1918 Washington, District of Columbia - 2007 Albuquerque, New Mexico
BiographyNonobjective artist Florence Miller Pierce was born Florence Melva Miller in 1918 in Washington, D.C. Her parents owned and managed a large boarding school. Her mother was from New Mexico and Miller Pierce's parents retired to Albuquerque after World War II. Miller Pierce frequently traveled to visit her mother's family in Albuquerque and Santa Fe as a child. She began studying art in high school and took classes at the Studio School of the Phillips Collection in 1935-36. She travelled to New Mexico to study with Emil Bisttram in Taos for the summer of 1936. She took some classes at the Corcoran School of Art in the fall of 1936 following her return to Washington, D.C. but decided to return to Taos in January 1937 to study fulltime with Emil Bisttram at the Bisttram School of Fine Art.

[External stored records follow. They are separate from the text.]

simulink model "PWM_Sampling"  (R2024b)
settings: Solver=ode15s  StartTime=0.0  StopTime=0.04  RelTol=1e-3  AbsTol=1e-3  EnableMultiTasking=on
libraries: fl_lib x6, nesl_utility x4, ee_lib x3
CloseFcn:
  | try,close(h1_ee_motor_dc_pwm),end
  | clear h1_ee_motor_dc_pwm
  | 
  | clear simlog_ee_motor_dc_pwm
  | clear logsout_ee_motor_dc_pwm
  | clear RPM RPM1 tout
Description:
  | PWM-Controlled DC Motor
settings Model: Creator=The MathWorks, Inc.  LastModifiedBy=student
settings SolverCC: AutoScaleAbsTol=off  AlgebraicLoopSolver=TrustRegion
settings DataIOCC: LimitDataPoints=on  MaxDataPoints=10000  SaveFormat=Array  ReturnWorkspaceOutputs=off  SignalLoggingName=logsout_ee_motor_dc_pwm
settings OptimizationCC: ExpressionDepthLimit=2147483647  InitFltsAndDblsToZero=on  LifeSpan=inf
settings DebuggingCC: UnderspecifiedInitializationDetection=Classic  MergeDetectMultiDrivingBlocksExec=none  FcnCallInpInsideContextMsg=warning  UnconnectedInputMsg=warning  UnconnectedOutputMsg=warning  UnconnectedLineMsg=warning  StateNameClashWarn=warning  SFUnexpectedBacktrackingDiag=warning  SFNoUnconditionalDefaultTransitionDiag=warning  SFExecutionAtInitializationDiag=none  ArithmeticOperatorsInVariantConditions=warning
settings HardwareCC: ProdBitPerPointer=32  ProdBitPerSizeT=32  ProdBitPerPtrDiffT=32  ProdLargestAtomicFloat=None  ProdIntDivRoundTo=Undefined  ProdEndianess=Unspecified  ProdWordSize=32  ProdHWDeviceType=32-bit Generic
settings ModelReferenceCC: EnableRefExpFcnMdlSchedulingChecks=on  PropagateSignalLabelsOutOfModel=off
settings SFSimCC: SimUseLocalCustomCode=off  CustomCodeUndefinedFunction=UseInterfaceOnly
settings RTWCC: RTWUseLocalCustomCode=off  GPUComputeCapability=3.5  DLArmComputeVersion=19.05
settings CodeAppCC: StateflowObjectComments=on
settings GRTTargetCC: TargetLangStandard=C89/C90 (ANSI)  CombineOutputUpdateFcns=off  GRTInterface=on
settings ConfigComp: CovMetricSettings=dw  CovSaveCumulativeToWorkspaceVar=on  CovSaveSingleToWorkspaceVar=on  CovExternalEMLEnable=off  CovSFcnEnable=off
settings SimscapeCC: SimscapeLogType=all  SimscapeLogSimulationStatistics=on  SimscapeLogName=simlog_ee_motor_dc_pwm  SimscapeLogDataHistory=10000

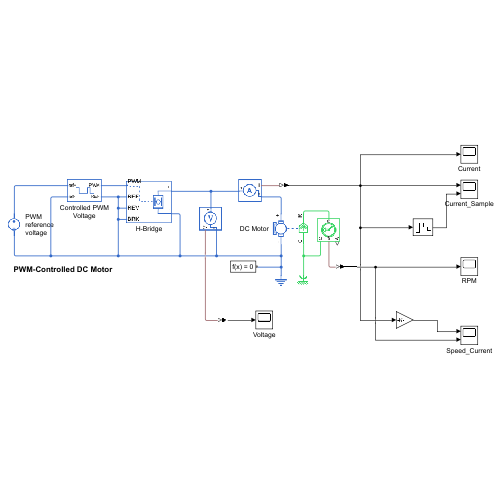
[thumbnail: Simulink's stored preview of the top-level diagram]
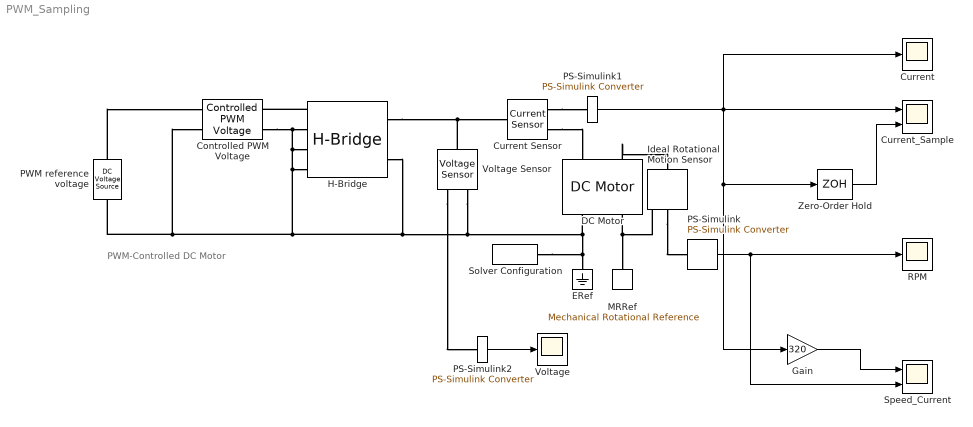
== system PWM_Sampling ==
  note: PWM-Controlled DC Motor
  Controlled PWM Voltage : ee_lib/Integrated Circuits/Controlled PWM Voltage  F=10000 Hz  TD=0.000025 s  pulse_width_offset=0 s  pulse_min=0 s  pwm_or_av=ee.enum.pwm_or_av.pwm  event_type=1  sample_time=5e-6 s  Vmin=0 V  Vmax=5 V  Vm=5 V  u_min=0  u_max=1
  Current : Scope
  Current Sensor : fl_lib/Electrical/Electrical Sensors/Current Sensor
  Current_Sample : Scope  NumInputPorts=2
  DC Motor : ee_lib/Electromechanical/Brushed Motors/DC Motor  field_option=ee.enum.field_option.pm  Rf=100 Ohm  Lf=1 H  Laf=0.15 H  If0=0 A  parameterization=ee.enum.dcparam_option.circuit_param  Ra=3.2 Ohm  La=0.0041 H  emf_or_torque=ee.enum.emf_or_torque.kv  Kv=0.12 V/(rad/s)  Ki=6.876e-04 N*m/A  T_stall=0.1 N*m  w_max=4000 rpm  w_rated=2500 rpm  P_rated=10 W  V_rated=12 V  lam_param=ee.enum.lam_param.current  i_noload=0.3 A  V_i_noload=24 V  J=3.52e-5 kg*m^2  lam=0.5e-5 N*m/(rad/s)  speed0=0 rpm  t_fault_armature=1 s  t_fault_field=1 s  fault_action=simscape.enum.assert.action.none  alpha=3.93e-3 1/K  Tmeas=25 degC  thermal_mass=100 J/K  initial_temperature=25 degC
  ERef : fl_lib/Electrical/Electrical Elements/Electrical Reference
  Gain : Gain  Gain=320
  H-Bridge : ee_lib/Semiconductors & Converters/Converters/H-Bridge  supply_ports=ee.enum.supply_ports.hidesupply  pwm_or_av=ee.enum.pwm_or_av.averaged  regenerative_braking_mode=ee.enum.converters.regenerative_braking_mode.always_enabled  discontinuous=ee.enum.current_profile.continuous  freewheeling_mode=ee.enum.converters.freewheeling_mode.one_switch_one_diode  Rload=3.38+0.1 Ohm  Lload=1e-5 H  F=4 kHz  Venable=2.5 V  Vmax=5 V  Vreverse=2.5 V  Vbrake=2.5 V  Vm=12 V  Ron=0.1 Ohm  Don=0.1 Ohm  Goff=1e-6 S  Tmeas=298.15 K  Ron2=0.1 Ohm  Don2=0.05 Ohm  Tmeas2=398.15 K  thermal_mass=100 J/K  initial_temperature=298.15 K
  Ideal Rotational Motion Sensor : fl_lib/Mechanical/Mechanical Sensors/Ideal Rotational Motion Sensor  reference=foundation.enum.MeasurementReference.difference  acceleration_port=false  velocity_port=true  position_port=true  wrap_angle=simscape.enum.onoff.off  offset=0 deg
  MRRef : fl_lib/Mechanical/Rotational Elements/Mechanical Rotational Reference
  PS-Simulink : nesl_utility/PS-Simulink Converter  PhysicalDomain=network_engine_domain  SubClassName=ps_output  LeftPortType=input  RightPortType=output  PseudoPeriodic=off  Frequencies=[]  VectorFormat=1-D array  Unit=rpm  AffineConversion=off
  PS-Simulink1 : nesl_utility/PS-Simulink Converter  PhysicalDomain=network_engine_domain  SubClassName=ps_output  LeftPortType=input  RightPortType=output  PseudoPeriodic=off  Frequencies=[]  VectorFormat=1-D array  Unit=A  AffineConversion=off
  PS-Simulink2 : nesl_utility/PS-Simulink Converter  PhysicalDomain=network_engine_domain  SubClassName=ps_output  LeftPortType=input  RightPortType=output  PseudoPeriodic=off  Frequencies=[]  VectorFormat=1-D array  Unit=V  AffineConversion=off
  PWM reference voltage : fl_lib/Electrical/Electrical Sources/DC Voltage Source  v0=2.5 V
  RPM : Scope
  Solver Configuration : nesl_utility/Solver Configuration  PhysicalDomain=network_engine_domain  SubClassName=solver  LeftPortType=input  RightPortType=generic  Tones=[]  Harmonics=[]  SimulateNoise=off  Profile=off  UseLocalSampling=off  EnableSwitchedLinearOptims=on  FrequencyDomain=off  UseCCode=off  RelTol=0.001  AbsTol=1e-06  MinStep=1e-09  ToWorkspace=off  RevertToSquareIcSolve=off  NumHomotopyIterations=100  PhasorMode=off  PhasorModeNumHarmonics=1  ConsistencySolver=NEWTON_FTOL  IndexReductionMethod=DerivativeReplacement  DoDC=off  ResidualTolerance=1e-9  ConsistencyTolSource=GLOBAL  ConsistencyAbsTol=0.001  ConsistencyRelTol=0.001  ConsistencyTolFactor=0.001  UseLocalSolver=off  LocalSolverChoice=NE_BACKWARD_EULER_ADVANCER  ResolveIndetEquations=on  FunctionEvalNumThread=1  LocalSolverSampleTime=5e-6  DoFixedCost=off  MaxNonlinIter=4  MaxModeIter=2  ComputeImpulses=off  ImpulseIterations=2  LinearAlgebra=auto  LinearAlgebraNumThread=0  EquationFormulation=NE_TIME_EF  DelaysMemoryBudget=1024  AutomaticFiltering=on  FilteringTimeConstant=0.001  PartitionStorageMethod=AS_NEEDED  PartitionMemoryBudget=1024  PartitionMethod=FAST  MultibodyUseLocalSolver=off  MultibodyLocalSolverChoice=ODE1  MultibodyLocalSolverSampleTime=0.001
  Speed_Current : Scope  NumInputPorts=2
  Voltage : Scope
  Voltage Sensor : fl_lib/Electrical/Electrical Sensors/Voltage Sensor
  Zero-Order Hold : ZeroOrderHold  SampleTime=0.0001
  wires:
  PS-Simulink/1 -> RPM/1, Speed_Current/2
  PS-Simulink1/1 -> Current/1, Current_Sample/1, Zero-Order Hold/1, Gain/1
  Zero-Order Hold/1 -> Current_Sample/2
  Gain/1 -> Speed_Current/1
  PS-Simulink2/1 -> Voltage/1
  connections:
  DC Motor/LConn2 -- Ideal Rotational Motion Sensor/LConn1
  H-Bridge/LConn1 -- Controlled PWM Voltage/RConn1
  DC Motor/RConn2 -- MRRef/LConn1 -- Ideal Rotational Motion Sensor/RConn1
  Ideal Rotational Motion Sensor/RConn2 -- PS-Simulink/LConn1
  PWM reference voltage/LConn1 -- Controlled PWM Voltage/LConn1
  H-Bridge/RConn1 -- Voltage Sensor/LConn1 -- Current Sensor/LConn1
  Current Sensor/RConn2 -- DC Motor/LConn1
  Current Sensor/RConn1 -- PS-Simulink1/LConn1
  Voltage Sensor/RConn2 -- DC Motor/RConn1 -- Solver Configuration/RConn1 -- ERef/LConn1 -- H-Bridge/RConn2 -- PWM reference voltage/RConn1 -- Controlled PWM Voltage/LConn2 -- H-Bridge/LConn2 -- Controlled PWM Voltage/RConn2 -- H-Bridge/LConn3 -- H-Bridge/LConn4
  Voltage Sensor/RConn1 -- PS-Simulink2/LConn1

There she met Horace Towner Pierce, another art student, and they married in 1938. Miller Pierce and her husband were members of the Transcendental Painting Group which was founded by Bisttram and Raymond Jonson in 1938. Miller Pierce was the youngest member and one of only two women in the group. In 1939, her first son died at the age of 4 months, she stopped painting for a time, and the Pierce's moved to New York. Following the birth of their second son, Christopher, they moved to Washington, D.C. to live and work with Miller Pierce's parents. They then moved to Los Angeles in 1942 where Horace worked as a commercial artist and Miller Pierce resumed her art. Horace was drafted in 1944 and released on a medical discharge after ninety days of training, which affected his physical and mental health. To help him recover, the family moved back to New Mexico in 1946, settling in Santa Fe. However, they soon moved to Albuquerque in 1949 to be closer to medical treatment for Horace's health and he died at the age of 41 due to a cerebral hemorrhage in 1958. Miller Pierce stopped painting for about ten years following his death and took some classes in anthropology at the University of New Mexico. It was at this time that she began to use her husband's last name. In the late 1960s, she was introduced to sandblasting and began experimenting with carving wood, foam, and stone. In 1969 an accidental spill of resin onto a piece of aluminum foil led her to start making resin reliefs (what she called lucamorphs). She was awarded the 2003 Governor's Award for Excellence in the Arts. She died in 2007.